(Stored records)
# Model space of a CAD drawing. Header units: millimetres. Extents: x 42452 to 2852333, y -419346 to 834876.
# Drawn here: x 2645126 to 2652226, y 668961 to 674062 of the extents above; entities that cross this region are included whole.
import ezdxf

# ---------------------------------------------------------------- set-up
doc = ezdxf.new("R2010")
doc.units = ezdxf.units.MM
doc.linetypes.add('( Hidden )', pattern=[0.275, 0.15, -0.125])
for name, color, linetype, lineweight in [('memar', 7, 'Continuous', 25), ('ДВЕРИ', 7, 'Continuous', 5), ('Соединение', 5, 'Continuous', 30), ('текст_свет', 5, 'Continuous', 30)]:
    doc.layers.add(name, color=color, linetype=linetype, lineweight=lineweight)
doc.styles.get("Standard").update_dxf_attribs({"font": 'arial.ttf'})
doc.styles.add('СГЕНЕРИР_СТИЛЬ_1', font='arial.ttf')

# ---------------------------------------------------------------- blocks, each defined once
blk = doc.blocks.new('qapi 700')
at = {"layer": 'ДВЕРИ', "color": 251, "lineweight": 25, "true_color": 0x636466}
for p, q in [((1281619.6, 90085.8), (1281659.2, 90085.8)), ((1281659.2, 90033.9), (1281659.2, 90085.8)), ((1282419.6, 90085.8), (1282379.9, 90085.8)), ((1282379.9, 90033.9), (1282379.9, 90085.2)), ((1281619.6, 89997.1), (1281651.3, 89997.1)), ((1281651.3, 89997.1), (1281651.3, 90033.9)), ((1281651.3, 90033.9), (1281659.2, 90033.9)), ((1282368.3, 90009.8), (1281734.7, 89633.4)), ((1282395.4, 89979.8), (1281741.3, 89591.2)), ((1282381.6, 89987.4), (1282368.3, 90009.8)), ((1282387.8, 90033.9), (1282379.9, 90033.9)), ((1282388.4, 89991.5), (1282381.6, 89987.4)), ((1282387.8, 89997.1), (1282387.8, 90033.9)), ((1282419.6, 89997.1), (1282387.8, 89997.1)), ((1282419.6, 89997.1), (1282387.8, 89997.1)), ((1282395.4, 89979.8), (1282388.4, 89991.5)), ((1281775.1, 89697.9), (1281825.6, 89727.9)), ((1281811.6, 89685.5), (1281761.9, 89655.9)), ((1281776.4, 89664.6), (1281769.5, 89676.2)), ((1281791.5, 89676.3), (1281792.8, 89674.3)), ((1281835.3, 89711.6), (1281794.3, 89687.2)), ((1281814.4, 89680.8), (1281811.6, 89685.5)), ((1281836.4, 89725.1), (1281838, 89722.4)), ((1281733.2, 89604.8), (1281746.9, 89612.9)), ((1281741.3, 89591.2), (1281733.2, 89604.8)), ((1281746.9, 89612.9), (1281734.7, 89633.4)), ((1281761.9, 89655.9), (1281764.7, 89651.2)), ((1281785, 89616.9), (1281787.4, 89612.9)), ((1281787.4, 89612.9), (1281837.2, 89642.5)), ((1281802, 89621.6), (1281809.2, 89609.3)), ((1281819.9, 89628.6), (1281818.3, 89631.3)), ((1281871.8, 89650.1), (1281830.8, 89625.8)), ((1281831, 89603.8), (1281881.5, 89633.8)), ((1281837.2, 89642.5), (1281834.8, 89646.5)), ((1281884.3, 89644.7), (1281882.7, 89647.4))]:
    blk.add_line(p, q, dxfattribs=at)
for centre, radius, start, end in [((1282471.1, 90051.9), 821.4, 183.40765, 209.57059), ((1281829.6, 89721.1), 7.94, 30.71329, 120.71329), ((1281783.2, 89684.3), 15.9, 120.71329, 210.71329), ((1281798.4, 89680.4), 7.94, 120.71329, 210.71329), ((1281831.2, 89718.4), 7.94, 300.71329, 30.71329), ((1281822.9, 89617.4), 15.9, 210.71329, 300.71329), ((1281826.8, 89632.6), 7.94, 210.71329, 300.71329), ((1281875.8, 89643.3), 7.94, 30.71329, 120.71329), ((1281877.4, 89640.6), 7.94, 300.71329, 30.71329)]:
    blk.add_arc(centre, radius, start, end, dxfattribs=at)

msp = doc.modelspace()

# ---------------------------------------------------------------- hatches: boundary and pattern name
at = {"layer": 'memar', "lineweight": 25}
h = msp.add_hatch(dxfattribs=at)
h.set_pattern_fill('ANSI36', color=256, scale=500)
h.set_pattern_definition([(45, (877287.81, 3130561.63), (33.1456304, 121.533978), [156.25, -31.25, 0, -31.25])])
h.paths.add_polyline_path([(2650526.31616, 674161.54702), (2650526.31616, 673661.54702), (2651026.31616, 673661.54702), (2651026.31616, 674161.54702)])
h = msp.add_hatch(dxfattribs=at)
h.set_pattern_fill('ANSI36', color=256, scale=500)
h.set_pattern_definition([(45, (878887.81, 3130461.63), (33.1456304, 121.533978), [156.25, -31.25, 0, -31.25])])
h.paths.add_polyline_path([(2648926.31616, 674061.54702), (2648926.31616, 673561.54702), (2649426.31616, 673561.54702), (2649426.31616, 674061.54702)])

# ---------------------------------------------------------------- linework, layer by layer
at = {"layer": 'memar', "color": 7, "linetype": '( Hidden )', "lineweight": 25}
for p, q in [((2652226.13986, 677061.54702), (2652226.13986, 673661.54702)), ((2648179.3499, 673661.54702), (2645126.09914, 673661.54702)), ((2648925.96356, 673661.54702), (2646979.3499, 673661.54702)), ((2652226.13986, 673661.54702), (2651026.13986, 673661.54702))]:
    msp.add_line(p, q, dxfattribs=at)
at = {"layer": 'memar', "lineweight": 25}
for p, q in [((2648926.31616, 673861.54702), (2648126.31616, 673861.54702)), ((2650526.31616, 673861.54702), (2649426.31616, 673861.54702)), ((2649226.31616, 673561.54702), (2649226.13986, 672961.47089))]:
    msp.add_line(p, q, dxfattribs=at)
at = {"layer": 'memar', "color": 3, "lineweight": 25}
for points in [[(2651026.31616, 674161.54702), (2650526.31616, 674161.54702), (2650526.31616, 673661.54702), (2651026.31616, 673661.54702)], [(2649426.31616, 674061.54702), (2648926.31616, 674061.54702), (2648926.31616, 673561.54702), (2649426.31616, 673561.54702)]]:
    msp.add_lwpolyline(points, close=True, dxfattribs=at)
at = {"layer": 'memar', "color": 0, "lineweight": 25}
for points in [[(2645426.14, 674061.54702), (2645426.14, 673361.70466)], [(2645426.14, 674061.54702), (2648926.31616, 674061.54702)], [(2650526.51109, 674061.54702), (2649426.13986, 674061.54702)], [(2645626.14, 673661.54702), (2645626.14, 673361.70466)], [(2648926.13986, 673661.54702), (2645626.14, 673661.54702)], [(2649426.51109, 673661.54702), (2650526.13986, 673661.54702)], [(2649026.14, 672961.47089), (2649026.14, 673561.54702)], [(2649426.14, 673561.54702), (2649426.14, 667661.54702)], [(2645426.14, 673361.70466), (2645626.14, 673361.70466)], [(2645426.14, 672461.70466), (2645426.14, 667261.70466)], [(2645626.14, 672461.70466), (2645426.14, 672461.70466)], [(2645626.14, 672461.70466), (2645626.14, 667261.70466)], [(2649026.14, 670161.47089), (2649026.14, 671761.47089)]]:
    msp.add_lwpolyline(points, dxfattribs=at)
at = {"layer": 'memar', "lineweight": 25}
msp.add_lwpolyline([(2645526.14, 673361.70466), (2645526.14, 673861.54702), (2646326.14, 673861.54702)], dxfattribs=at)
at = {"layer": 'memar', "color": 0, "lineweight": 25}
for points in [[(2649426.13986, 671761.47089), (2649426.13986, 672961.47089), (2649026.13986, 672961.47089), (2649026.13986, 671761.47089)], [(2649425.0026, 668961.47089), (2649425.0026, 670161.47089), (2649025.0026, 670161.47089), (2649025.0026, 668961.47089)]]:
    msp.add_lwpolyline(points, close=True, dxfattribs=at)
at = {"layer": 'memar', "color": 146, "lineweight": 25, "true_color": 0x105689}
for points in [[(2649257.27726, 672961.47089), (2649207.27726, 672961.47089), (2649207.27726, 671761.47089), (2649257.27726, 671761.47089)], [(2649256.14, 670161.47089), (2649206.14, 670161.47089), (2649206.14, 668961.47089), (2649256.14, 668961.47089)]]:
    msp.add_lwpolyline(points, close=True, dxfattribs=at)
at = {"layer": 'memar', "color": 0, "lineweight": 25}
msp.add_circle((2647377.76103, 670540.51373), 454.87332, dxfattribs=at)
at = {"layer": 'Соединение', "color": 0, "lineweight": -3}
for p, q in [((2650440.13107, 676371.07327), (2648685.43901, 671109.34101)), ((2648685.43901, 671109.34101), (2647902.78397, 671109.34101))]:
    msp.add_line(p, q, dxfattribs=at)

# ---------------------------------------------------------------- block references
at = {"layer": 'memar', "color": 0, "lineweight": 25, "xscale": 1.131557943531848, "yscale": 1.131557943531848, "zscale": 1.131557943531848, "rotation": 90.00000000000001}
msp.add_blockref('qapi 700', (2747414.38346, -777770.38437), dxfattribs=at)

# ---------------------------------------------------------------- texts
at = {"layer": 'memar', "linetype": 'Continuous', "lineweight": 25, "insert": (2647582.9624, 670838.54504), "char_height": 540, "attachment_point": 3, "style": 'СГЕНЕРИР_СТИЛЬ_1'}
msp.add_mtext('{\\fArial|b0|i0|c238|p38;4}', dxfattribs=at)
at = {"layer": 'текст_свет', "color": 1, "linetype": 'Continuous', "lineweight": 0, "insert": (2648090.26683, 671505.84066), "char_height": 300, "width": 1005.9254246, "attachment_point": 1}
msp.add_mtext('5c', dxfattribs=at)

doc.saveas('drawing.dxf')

- _Task prompt_
Among the records above, find the lines that contain "blocks" and copy every one.

- _Result_
# ---------------------------------------------------------------- blocks, each defined once
blk = doc.blocks.new('qapi 700')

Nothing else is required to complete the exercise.